Exercise objective:
After finding the line that contains "#19638 = PLANE" in the material below, print that line and all subsequent lines exactly, up to and including the last.

Available data:
--------------------------------------------------

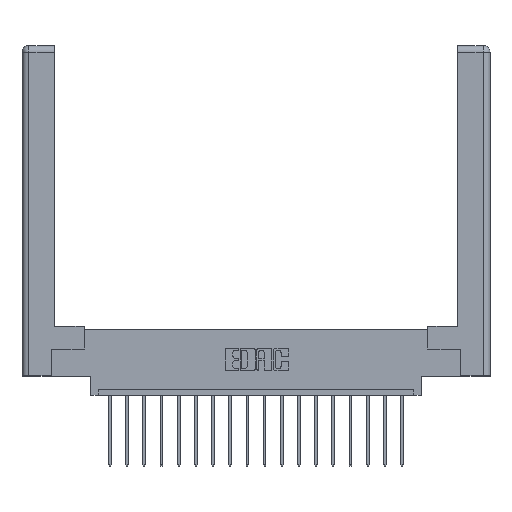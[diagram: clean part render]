
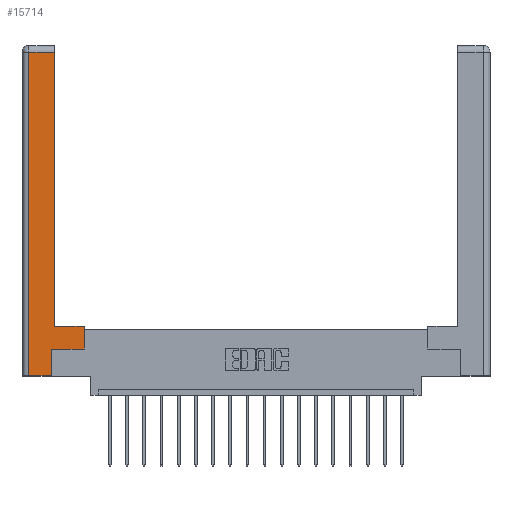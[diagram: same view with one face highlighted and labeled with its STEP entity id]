
A CAD part, top view. The second image highlights one B-rep face of the part: STEP entity #15714.
In plain terms, the highlighted planar face has unit normal (0, 0, 1).
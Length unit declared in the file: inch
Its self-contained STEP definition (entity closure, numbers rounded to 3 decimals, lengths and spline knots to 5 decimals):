
#102 = VERTEX_POINT ( 'NONE', #1162 ) ;
#250 = VECTOR ( 'NONE', #5471, 39.37008 ) ;
#376 = CARTESIAN_POINT ( 'NONE',  ( 0.565, 0.245, 0. ) ) ;
#377 = VERTEX_POINT ( 'NONE', #583 ) ;
#504 = EDGE_CURVE ( 'NONE', #8199, #7188, #15150, .T. ) ;
#583 = CARTESIAN_POINT ( 'NONE',  ( 0.565, 0.245, 0. ) ) ;
#806 = VERTEX_POINT ( 'NONE', #4414 ) ;
#915 = DIRECTION ( 'NONE',  ( -1., 0., 0. ) ) ;
#1162 = CARTESIAN_POINT ( 'NONE',  ( 0.295, 0.45, 0. ) ) ;
#1728 = ORIENTED_EDGE ( 'NONE', *, *, #15433, .T. ) ;
#2110 = CARTESIAN_POINT ( 'NONE',  ( 0.295, 0.45, 0. ) ) ;
#2269 = AXIS2_PLACEMENT_3D ( 'NONE', #7232, #14520, #8802 ) ;
#2625 = DIRECTION ( 'NONE',  ( 1., 0., 0. ) ) ;
#2912 = PLANE ( 'NONE',  #2269 ) ;
#3089 = LINE ( 'NONE', #376, #17965 ) ;
#4414 = CARTESIAN_POINT ( 'NONE',  ( 0.265, 0., 0. ) ) ;
#4453 = DIRECTION ( 'NONE',  ( 0., 1., 0. ) ) ;
#4475 = FACE_OUTER_BOUND ( 'NONE', #13968, .T. ) ;
#4525 = CARTESIAN_POINT ( 'NONE',  ( 0.565, 0.45, 0. ) ) ;
#5234 = EDGE_CURVE ( 'NONE', #14607, #377, #3089, .T. ) ;
#5471 = DIRECTION ( 'NONE',  ( 0., -1., 0. ) ) ;
#5831 = CARTESIAN_POINT ( 'NONE',  ( 0.295, 2.94, 0. ) ) ;
#5952 = EDGE_CURVE ( 'NONE', #13892, #8199, #15181, .T. ) ;
#6193 = DIRECTION ( 'NONE',  ( 0., 1., 0. ) ) ;
#6633 = ORIENTED_EDGE ( 'NONE', *, *, #13890, .T. ) ;
#6976 = LINE ( 'NONE', #18903, #7686 ) ;
#7188 = VERTEX_POINT ( 'NONE', #13361 ) ;
#7232 = CARTESIAN_POINT ( 'NONE',  ( 0., 0., 0. ) ) ;
#7446 = ORIENTED_EDGE ( 'NONE', *, *, #5952, .T. ) ;
#7567 = VECTOR ( 'NONE', #13467, 39.37008 ) ;
#7686 = VECTOR ( 'NONE', #2625, 39.37008 ) ;
#8171 = LINE ( 'NONE', #15324, #18418 ) ;
#8199 = VERTEX_POINT ( 'NONE', #17794 ) ;
#8447 = CARTESIAN_POINT ( 'NONE',  ( 0.0615, 0., 0. ) ) ;
#8802 = DIRECTION ( 'NONE',  ( -1., 0., 0. ) ) ;
#9251 = CARTESIAN_POINT ( 'NONE',  ( 0.295, 3., 0. ) ) ;
#10865 = VERTEX_POINT ( 'NONE', #11296 ) ;
#10911 = EDGE_CURVE ( 'NONE', #7188, #806, #6976, .T. ) ;
#10964 = VECTOR ( 'NONE', #915, 39.37008 ) ;
#11296 = CARTESIAN_POINT ( 'NONE',  ( 0.565, 0.45, 0. ) ) ;
#11516 = ORIENTED_EDGE ( 'NONE', *, *, #10911, .T. ) ;
#11577 = ORIENTED_EDGE ( 'NONE', *, *, #16642, .T. ) ;
#11975 = LINE ( 'NONE', #9251, #7567 ) ;
#13094 = LINE ( 'NONE', #2110, #18202 ) ;
#13361 = CARTESIAN_POINT ( 'NONE',  ( 0.0615, 0., 0. ) ) ;
#13467 = DIRECTION ( 'NONE',  ( 0., 1., 0. ) ) ;
#13890 = EDGE_CURVE ( 'NONE', #377, #10865, #18948, .T. ) ;
#13892 = VERTEX_POINT ( 'NONE', #5831 ) ;
#13968 = EDGE_LOOP ( 'NONE', ( #11577, #7446, #16743, #11516, #17434, #17988, #6633, #1728 ) ) ;
#14132 = DIRECTION ( 'NONE',  ( -1., 0., 0. ) ) ;
#14520 = DIRECTION ( 'NONE',  ( 0., 0., -1. ) ) ;
#14607 = VERTEX_POINT ( 'NONE', #19033 ) ;
#15150 = LINE ( 'NONE', #8447, #250 ) ;
#15181 = LINE ( 'NONE', #16778, #10964 ) ;
#15324 = CARTESIAN_POINT ( 'NONE',  ( 0.265, 0.245, 0. ) ) ;
#15433 = EDGE_CURVE ( 'NONE', #10865, #102, #13094, .T. ) ;
#15714 = ADVANCED_FACE ( 'NONE', ( #4475 ), #2912, .F. ) ;
#16642 = EDGE_CURVE ( 'NONE', #102, #13892, #11975, .T. ) ;
#16743 = ORIENTED_EDGE ( 'NONE', *, *, #504, .T. ) ;
#16778 = CARTESIAN_POINT ( 'NONE',  ( 0.0615, 2.94, 0. ) ) ;
#17169 = DIRECTION ( 'NONE',  ( 1., 0., 0. ) ) ;
#17434 = ORIENTED_EDGE ( 'NONE', *, *, #18454, .T. ) ;
#17794 = CARTESIAN_POINT ( 'NONE',  ( 0.0615, 2.94, 0. ) ) ;
#17965 = VECTOR ( 'NONE', #17169, 39.37008 ) ;
#17988 = ORIENTED_EDGE ( 'NONE', *, *, #5234, .T. ) ;
#18202 = VECTOR ( 'NONE', #14132, 39.37008 ) ;
#18418 = VECTOR ( 'NONE', #6193, 39.37008 ) ;
#18454 = EDGE_CURVE ( 'NONE', #806, #14607, #8171, .T. ) ;
#18488 = VECTOR ( 'NONE', #4453, 39.37008 ) ;
#18903 = CARTESIAN_POINT ( 'NONE',  ( 0.265, 0., 0. ) ) ;
#18948 = LINE ( 'NONE', #4525, #18488 ) ;
#19033 = CARTESIAN_POINT ( 'NONE',  ( 0.265, 0.245, 0. ) ) ;
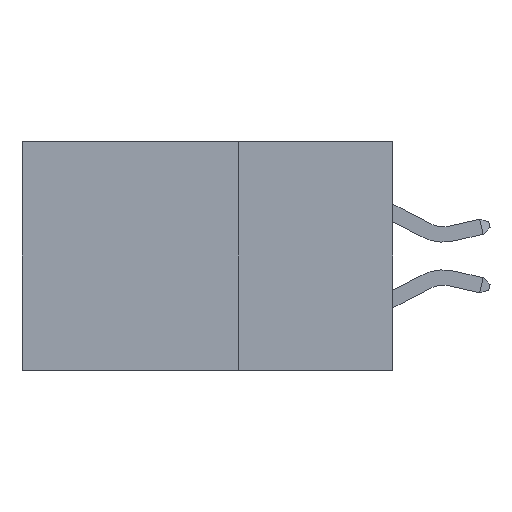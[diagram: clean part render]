
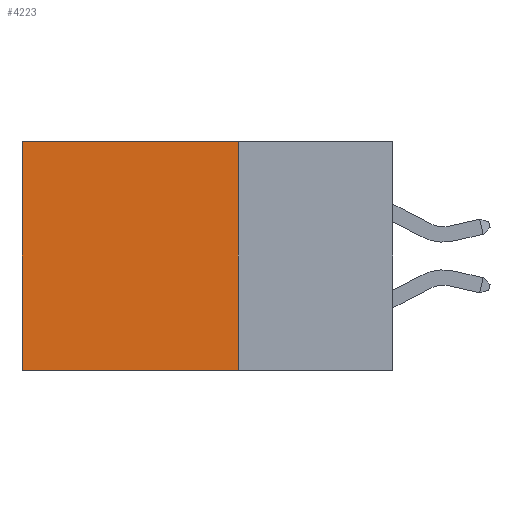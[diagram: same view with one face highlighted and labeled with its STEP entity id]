
A CAD part, left-side view. The second image highlights one B-rep face of the part: STEP entity #4223.
In plain terms, the highlighted planar face has unit normal (-1, 0, 0).
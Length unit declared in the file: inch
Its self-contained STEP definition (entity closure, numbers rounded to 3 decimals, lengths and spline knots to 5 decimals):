
#1099 = DIRECTION ( 'NONE',  ( 0., 0., -1. ) ) ;
#1251 = CARTESIAN_POINT ( 'NONE',  ( 0.2875, 0.25, -0.37 ) ) ;
#3047 = LINE ( 'NONE', #1251, #7032 ) ;
#3596 = DIRECTION ( 'NONE',  ( 0., 1., 0. ) ) ;
#3965 = LINE ( 'NONE', #12091, #16409 ) ;
#4223 = ADVANCED_FACE ( 'NONE', ( #12339 ), #19638, .F. ) ;
#4292 = EDGE_CURVE ( 'NONE', #21912, #4642, #3047, .T. ) ;
#4626 = CARTESIAN_POINT ( 'NONE',  ( 0.2875, 0.25, 0. ) ) ;
#4642 = VERTEX_POINT ( 'NONE', #9000 ) ;
#5437 = ORIENTED_EDGE ( 'NONE', *, *, #21624, .T. ) ;
#7032 = VECTOR ( 'NONE', #14885, 39.37008 ) ;
#7944 = CARTESIAN_POINT ( 'NONE',  ( 0.2875, 0.25, 0. ) ) ;
#9000 = CARTESIAN_POINT ( 'NONE',  ( 0.2875, 0.6, -0.37 ) ) ;
#9480 = DIRECTION ( 'NONE',  ( 0., 0., -1. ) ) ;
#10897 = VERTEX_POINT ( 'NONE', #15192 ) ;
#11381 = DIRECTION ( 'NONE',  ( 1., 0., 0. ) ) ;
#12091 = CARTESIAN_POINT ( 'NONE',  ( 0.2875, 0.25, 0. ) ) ;
#12104 = VECTOR ( 'NONE', #9480, 39.37008 ) ;
#12339 = FACE_OUTER_BOUND ( 'NONE', #13824, .T. ) ;
#12631 = LINE ( 'NONE', #21180, #12104 ) ;
#13417 = CARTESIAN_POINT ( 'NONE',  ( 0.2875, 0.6, 0. ) ) ;
#13824 = EDGE_LOOP ( 'NONE', ( #14911, #14430, #19331, #5437 ) ) ;
#14430 = ORIENTED_EDGE ( 'NONE', *, *, #4292, .F. ) ;
#14778 = DIRECTION ( 'NONE',  ( 0., 0., -1. ) ) ;
#14863 = EDGE_CURVE ( 'NONE', #21474, #4642, #12631, .T. ) ;
#14885 = DIRECTION ( 'NONE',  ( 0., 1., 0. ) ) ;
#14898 = LINE ( 'NONE', #4626, #18810 ) ;
#14911 = ORIENTED_EDGE ( 'NONE', *, *, #14863, .T. ) ;
#15192 = CARTESIAN_POINT ( 'NONE',  ( 0.2875, 0.25, 0. ) ) ;
#15895 = CARTESIAN_POINT ( 'NONE',  ( 0.2875, 0.25, -0.37 ) ) ;
#16409 = VECTOR ( 'NONE', #3596, 39.37008 ) ;
#17365 = EDGE_CURVE ( 'NONE', #10897, #21912, #14898, .T. ) ;
#18810 = VECTOR ( 'NONE', #14778, 39.37008 ) ;
#19331 = ORIENTED_EDGE ( 'NONE', *, *, #17365, .F. ) ;
#19638 = PLANE ( 'NONE',  #19939 ) ;
#19939 = AXIS2_PLACEMENT_3D ( 'NONE', #7944, #11381, #1099 ) ;
#21180 = CARTESIAN_POINT ( 'NONE',  ( 0.2875, 0.6, 0. ) ) ;
#21474 = VERTEX_POINT ( 'NONE', #13417 ) ;
#21624 = EDGE_CURVE ( 'NONE', #10897, #21474, #3965, .T. ) ;
#21912 = VERTEX_POINT ( 'NONE', #15895 ) ;

--------------------------------------------------

The completed task:
#19638 = PLANE ( 'NONE',  #19939 ) ;
#19939 = AXIS2_PLACEMENT_3D ( 'NONE', #7944, #11381, #1099 ) ;
#21180 = CARTESIAN_POINT ( 'NONE',  ( 0.2875, 0.6, 0. ) ) ;
#21474 = VERTEX_POINT ( 'NONE', #13417 ) ;
#21624 = EDGE_CURVE ( 'NONE', #10897, #21474, #3965, .T. ) ;
#21912 = VERTEX_POINT ( 'NONE', #15895 ) ;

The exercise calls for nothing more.